Este artigo visa fazer uma breve revisão teórica acerca do conceito de função materna e o desenvolvimento infantil, de acordo com diversos autores da escola Psicanalítica.

A função materna é essencial para a organização psíquica do infante e sua constituição como sujeito. Pode-se dizer que é a partir da organização psicológica desenvolvida do relacionamento com a mãe ou com a sua cuidadora que a criança conquista a capacidade de se relacionar com o resto do mundo dos objetos humanos (Coppolillo, 1990).
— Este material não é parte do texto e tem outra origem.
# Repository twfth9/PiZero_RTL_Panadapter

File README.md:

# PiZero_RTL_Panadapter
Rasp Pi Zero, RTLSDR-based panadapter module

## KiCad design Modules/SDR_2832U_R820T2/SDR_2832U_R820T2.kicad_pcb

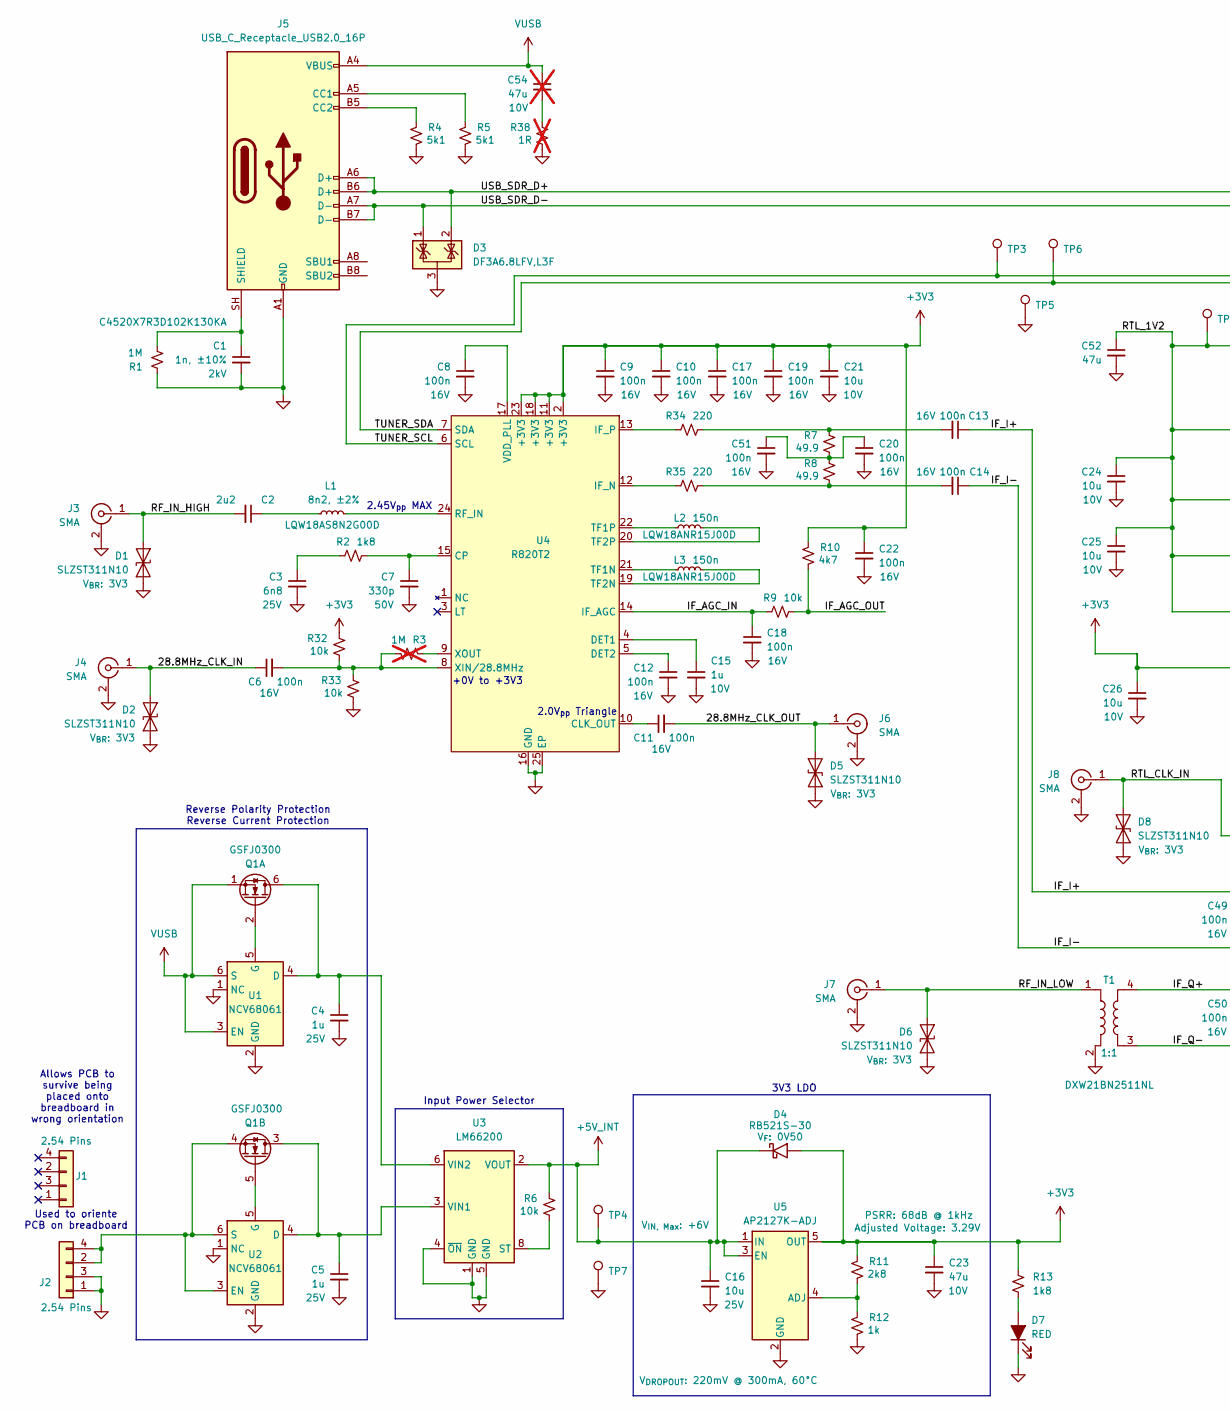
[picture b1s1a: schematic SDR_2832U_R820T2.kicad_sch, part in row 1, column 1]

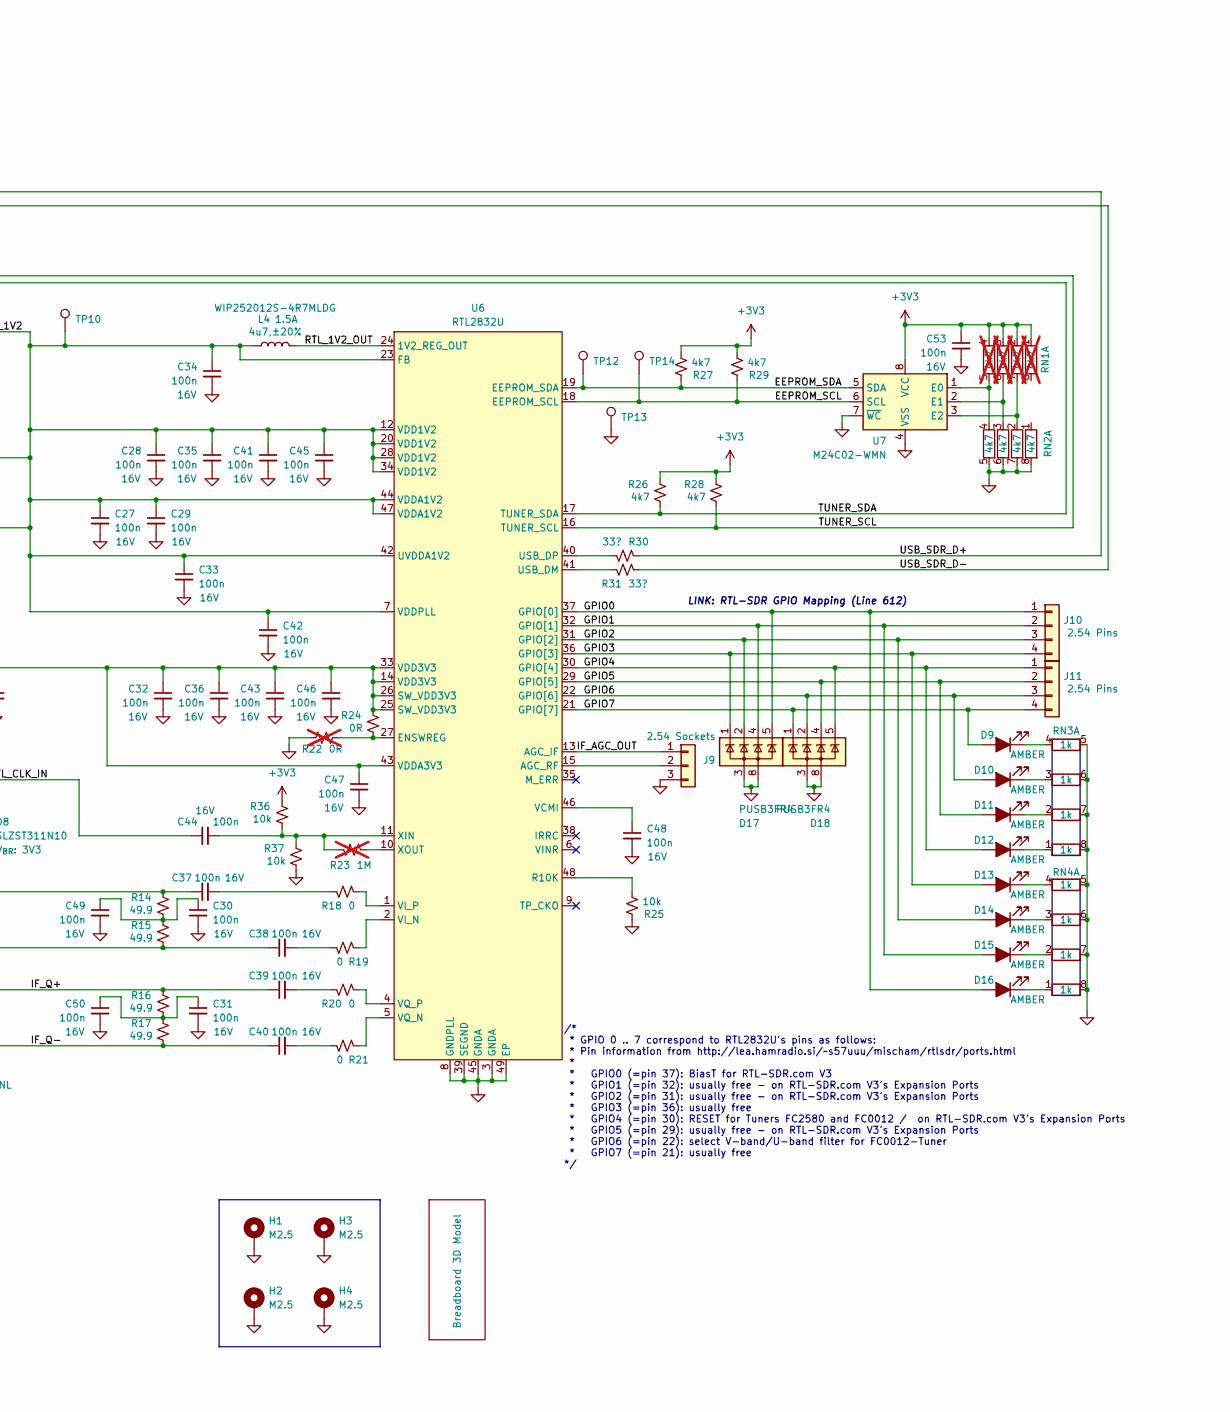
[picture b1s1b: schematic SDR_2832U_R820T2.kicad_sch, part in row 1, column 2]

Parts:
C1: 1n, ±10%; C_1808_4520Metric; Voltage 2kV; Part Number C4520X7R3D102K130KA; DigiKey 445-2386-1-ND
C2: 2u2; Worthington_C_Narrow_0402_0603; Voltage 10V
C3: 6n8; Worthington_C_Narrow_0201; Voltage 25V; Manufacturer Part Number GMC02X5R682K25NT; DigiKey 4713-GMC02X5R682K25NTCT-ND
C4, C5: 1u; Worthington_C_Narrow_0402; Voltage 25V; Manufacturer Part Number GMC04X5R106M10NT; DigiKey 4713-GMC04X5R106M10NTCT-ND
C6, C8, C9, C10, C11, C12, C13, C14, C17, C18, C19, C20, C22, C27, C28, C29, C30, C31, C32, C33, C34, C35, C36, C37, C38, C39, C40, C41, C42, C43, C44, C45, C46, C47, C48, C49, C50, C51, C53: 100n; Worthington_C_Narrow_0201; Voltage 16V; Manufacturer Part Number C0603X6S1C104K030BC; DigiKey 445-15903-1-ND
C7: 330p; Worthington_C_Narrow_0201; Voltage 50V; Manufacturer Part Number GMC02X7R331J50NT; DigiKey 4713-GMC02X7R331J50NTCT-ND
C15: 1u; Worthington_C_Narrow_0201; Voltage 10V; Manufacturer Part Number GMC02X5R105K10NT; DigiKey 4713-GMC02X5R105K10NTCT-ND
C16: 10u; Worthington_C_Narrow_0402; Voltage 25V; Manufacturer Part Number GMC04X5R106M10NT; DigiKey 4713-GMC04X5R106M10NTCT-ND
C21, C24, C25, C26: 10u; Worthington_C_Narrow_0402; Voltage 10V; Manufacturer Part Number GMC04X5R106M10NT; DigiKey 4713-GMC04X5R106M10NTCT-ND
C23: 47u; Worthington_C_0805; Voltage 10V; Manufacturer Part Number GMC04X5R106M10NT; DigiKey 4713-GMC04X5R106M10NTCT-ND
C52: 47u; Worthington_C_Narrow_0603
C54: 47u; Worthington_C_0805; Voltage 10V; Manufacturer Part Number GMC04X5R106M10NT; DigiKey 4713-GMC04X5R106M10NTCT-ND; not fitted
D1, D2, D5, D6, D8: SLZST311N10; D_SOD-882; Part Number SLZST311N10; DigiKey 5399-SLZST311N10CT-ND
D3: DF3A6.8LFV,L3F; SOT-723
D4: RB521S-30; D_SOD-523; Part Number RB521S-30; DigiKey 5399-RB521S-30CT-ND
D7: RED; Worthington_LED_0402
D9, D10, D11, D12, D13, D14, D15, D16: AMBER; Worthington_LED_0402
D17, D18: PUSB3FR4; Diodes_UDFN-10_1x2.5mm_P0.5mm
H1, H2, H3, H4: M2.5; MountingHole_2.7mm_M2.5_ISO7380_Pad
J1, J2: 2.54 Pins; PinHeader_2x02_P2.54mm_Vertical
J3, J4, J6, J7, J8: SMA; SMA_Amphenol_132289_EdgeMount
J5: USB_C_Receptacle_USB2.0_16P; USB_C_Receptacle_GCT_USB4105-xx-A_16P_TopMnt_Horizontal
J9: 2.54 Sockets; PinHeader_1x03_P2.54mm_Vertical
J10, J11: 2.54 Pins; PinHeader_1x04_P2.54mm_Vertical
L1: 8n2, ±2%; Worthington_L_Narrow_0603_RF; Manufacturer Part Number LQW18AS8N2G00D; DigiKey 490-LQW18AS8N2G00DCT-ND
L2, L3: 150n; Worthington_L_Narrow_0603_RF; Manufacturer Part Number LQW18ANR15J00D; DigiKey 490-6924-1-ND
L4: 4u7,±20%; L_1008_2520Metric; Manufacturer Part Number WIP252012S-4R7MLDG; DigiKey 3526-WIP252012S-4R7MLDGCT-ND
Q1: GSFJ0300; SOT-563; Part Number GSFJ0300; DigiKey 4786-GSFJ0300CT-ND
R1: 1M; Worthington_R_Narrow_0201
R2, R13: 1k8; Worthington_R_Narrow_0201
R3, R23: 1M; Worthington_R_Narrow_0201; not fitted
R4, R5: 5k1; Worthington_R_Narrow_0201
R6, R9, R25, R32, R33, R36, R37: 10k; Worthington_R_Narrow_0201
R7, R8, R14, R15, R16, R17: 49.9; Worthington_R_Narrow_0201
R10, R26, R27, R28, R29: 4k7; Worthington_R_Narrow_0201
R11: 2k8; Worthington_R_Narrow_0201
R12: 1k; Worthington_R_Narrow_0201
R18, R19, R20, R21: 0; Worthington_R_Narrow_0201
R22: 0R; Worthington_R_Narrow_0201; not fitted
R24: 0R; Worthington_R_Narrow_0201
R30, R31: 33?; Worthington_R_Narrow_0201
R34, R35: 220; Worthington_R_Narrow_0201
R38: 1R; R_0805_2012Metric; not fitted
RN1: 4k7; RESCAXE80P320X160X70-8N; DigiKey Part CAT16-4702F4LFCT-ND; not fitted
RN2: 4k7; RESCAXE80P320X160X70-8N; DigiKey Part CAT16-4702F4LFCT-ND
RN3, RN4: 1k; RESCAXE80P320X160X70-8N; DigiKey Part CAT16-4702F4LFCT-ND
S1: Breadboard 3D Model; Breadboard_400
T1: DXW21BN2511NL; XFMR_ATB2012-50011-T000
TP3, TP4, TP5, TP6, TP7, TP10, TP12, TP13, TP14: TestPoint; TestPoint_Keystone_5000-5004_Miniature
U1, U2: NCV68061; TSOP-6_1.65x3.05mm_P0.95mm; DigiKey 488-NCV68061SNAIT1GCT-ND
U3: LM66200; SOT-583-8
U4: R820T2; QFN-24-1EP_4x4mm_P0.5mm_EP2.15x2.15mm_ThermalVias
U5: AP2127K-ADJ; SOT-23-5; Adjusted Voltage 3.29V; Part Number AP2127K-ADJTRG1; DigiKey AP2127K-ADJTRG1DICT-ND
U6: RTL2832U; QFN-48-1EP_6x6mm_P0.4mm_EP4.2x4.2mm_ThermalVias
U7: M24C02-WMN; SOIC-8_3.9x4.9mm_P1.27mm

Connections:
+3V3: C9.1, C10.1, C17.1, C19.1, C21.1, C22.1, C23.1, C26.1, C32.1, C36.1, C43.1, C46.1, C47.1, C53.1, D4.2 (A), R10.2, R11.2, R13.1, R24.2, R26.2, R27.1, R28.2, R29.1, R32.2, R36.2, RN1.1 (4), RN1.2, RN1.3, RN1.4, U4.2 (+3V3), U4.11 (+3V3), U4.18 (+3V3), U4.23 (+3V3), U5.5 (OUT), U6.14 (VDD3V3), U6.25 (SW_VDD3V3), U6.26 (SW_VDD3V3), U6.33 (VDD3V3), U6.43 (VDDA3V3), U7.8 (VCC)
+5V_INT: C16.1, D4.1 (K), R6.2, TP4.1 (1_1), U3.2 (VOUT), U3.7 (VOUT), U5.1 (IN), U5.3 (EN)
/28.8MHz_CLK_IN: C6.1, D2.2 (A2), J4.1 (In)
/28.8MHz_CLK_OUT: C11.2, D5.2 (A2), J6.1 (In)
/EEPROM_SCL: R29.2, TP14.1 (1_1), U6.18 (EEPROM_SCL), U7.6 (SCL)
/EEPROM_SDA: R27.2, TP12.1 (1_1), U6.19 (EEPROM_SDA), U7.5 (SDA)
/GPIO0: D16.2 (A), D17.5 (K), J10.1, U6.37 (GPIO[0])
/GPIO1: D15.2 (A), D17.4 (K), J10.2, U6.32 (GPIO[1])
/GPIO2: D14.2 (A), D17.2 (K), J10.3, U6.31 (GPIO[2])
/GPIO3: D13.2 (A), D17.1 (K), J10.4, U6.36 (GPIO[3])
/GPIO4: D12.2 (A), D18.5 (K), J11.1, U6.30 (GPIO[4])
/GPIO5: D11.2 (A), D18.4 (K), J11.2, U6.29 (GPIO[5])
/GPIO6: D10.2 (A), D18.2 (K), J11.3, U6.22 (GPIO[6])
/GPIO7: D9.2 (A), D18.1 (K), J11.4, U6.21 (GPIO[7])
/IF_AGC_IN: C18.1, R9.1, U4.14 (IF_AGC)
/IF_AGC_OUT: J9.1, R9.2, R10.1, U6.13 (AGC_IF)
/IF_I+: C13.1, C37.1, R14.2
/IF_I-: C14.1, C38.1, R15.1
/IF_Q+: C39.1, R16.2, T1.4
/IF_Q-: C40.1, R17.1, T1.3
/RF_IN_HIGH: C2.2, D1.2 (A2), J3.1 (In)
/RF_IN_LOW: D6.2 (A2), J7.1 (In), T1.1
/RTL_1V2: C24.1, C25.1, C27.1, C28.1, C29.1, C33.1, C34.1, C35.1, C41.1, C42.1, C45.1, C52.1, L4.2, TP10.1 (1_1), U6.7 (VDDPLL), U6.12 (VDD1V2), U6.20 (VDD1V2), U6.23 (FB), U6.28 (VDD1V2), U6.34 (VDD1V2), U6.42 (UVDDA1V2), U6.44 (VDDA1V2), U6.47 (VDDA1V2)
/RTL_1V2_OUT: L4.1, U6.24 (1V2_REG_OUT)
/RTL_CLK_IN: C44.1, D8.2 (A2), J8.1 (In)
/TUNER_SCL: R28.1, TP3.1 (1_1), U4.6 (SCL), U6.16 (TUNER_SCL)
/TUNER_SDA: R26.1, TP6.1 (1_1), U4.7 (SDA), U6.17 (TUNER_SDA)
/USB_SDR_D+: D3.2 (K), J5.A6 (D+), J5.B6 (D+), R30.1
/USB_SDR_D-: D3.1 (K), J5.A7 (D-), J5.B7 (D-), R31.2
GND: C1.2, C3.2, C4.2, C5.2, C7.2, C8.2, C9.2, C10.2, C12.2, C15.2, C16.2, C17.2, C18.2, C19.2, C20.2, C21.2, C22.2, C23.2, C24.2, C25.2, C26.2, C27.2, C28.2, C29.2, C30.2, C31.2, C32.2, C33.2, C34.2, C35.2, C36.2, C41.2, C42.2, C43.2, C45.2, C46.2, C47.2, C48.2, C49.2, C50.2, C51.2, C52.2, C53.2, D1.1 (A1), D2.1 (A1), D3.3 (A), D5.1 (A1), D6.1 (A1), D7.1 (K), D8.1 (A1), D17.3 (A), D17.8 (A), D18.3 (A), D18.8 (A), H1.1 (1_1), H2.1 (1_1), H3.1 (1_1), H4.1 (1_1), J2.1, J2.3, J3.2 (Ext), J4.2 (Ext), J5.A1 (GND), J5.A12 (GND), J5.B1 (GND), J5.B12 (GND), J6.2 (Ext), J7.2 (Ext), J8.2 (Ext), J9.3, R1.1, R4.1, R5.1, R12.1, R22.2, R25.2, R33.1, R37.1, R38.1, RN2.5, RN2.6, RN2.7 (5), RN2.8, RN3.5, RN3.6, RN3.7 (5), RN3.8, RN4.5, RN4.6, RN4.7 (5), RN4.8, T1.2, TP5.1 (1_1), TP7.1 (1_1), TP13.1 (1_1), U1.1 (NC), U1.2 (GND), U2.1 (NC), U2.2 (GND), U3.1 (GND), U3.4 (~ON), U3.5 (GND), U4.16 (GND), U4.25 (EP), U5.2 (GND), U6.3 (GNDA), U6.8 (GNDPLL), U6.39 (SEGND), U6.45 (GNDA), U6.49 (EP), U7.4 (VSS), U7.7 (~WC); also elsewhere on the board
unnamed: C2.1, L1.1
unnamed: C3.1, R2.1
unnamed: C13.2, R7.2, R34.2
unnamed: C14.2, R8.1, R35.2
unnamed: C20.1, C51.1, R7.1, R8.2
unnamed: C30.1, C49.1, R14.1, R15.2
unnamed: C31.1, C50.1, R16.1, R17.2
unnamed: C37.2, R18.1
unnamed: C38.2, R19.1
unnamed: C39.2, R20.1
unnamed: C40.2, R21.1
unnamed: C54.2, R38.2
unnamed: D7.2 (A), R13.2
unnamed: D9.1 (K), RN3.4
unnamed: D10.1 (K), RN3.3
unnamed: D11.1 (K), RN3.2
unnamed: D12.1 (K), RN3.1 (4)
unnamed: D13.1 (K), RN4.4
unnamed: D14.1 (K), RN4.3
unnamed: D15.1 (K), RN4.2
unnamed: D16.1 (K), RN4.1 (4)
unnamed: J2.2, J2.4, Q1.4 (S), U2.3 (EN), U2.6 (S)
unnamed: J5.A5 (CC1), R5.2
unnamed: J5.B5 (CC2), R4.2
unnamed: C1.1, J5.SH (SHIELD), R1.2
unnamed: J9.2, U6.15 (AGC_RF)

Durante os anos iniciais do desenvolvimento psíquico, a questão do meio ambiente se resume praticamente à situação de relacionamento entre mãe e filho. Entretanto, não são os aspectos mais formais e visíveis da relação entre os dois os que adquirem importância para a criança, mas sim aquilo que se passa na intimidade dos dois e que se traduz em vivências afetivas significativas (Gorayeb, 1985).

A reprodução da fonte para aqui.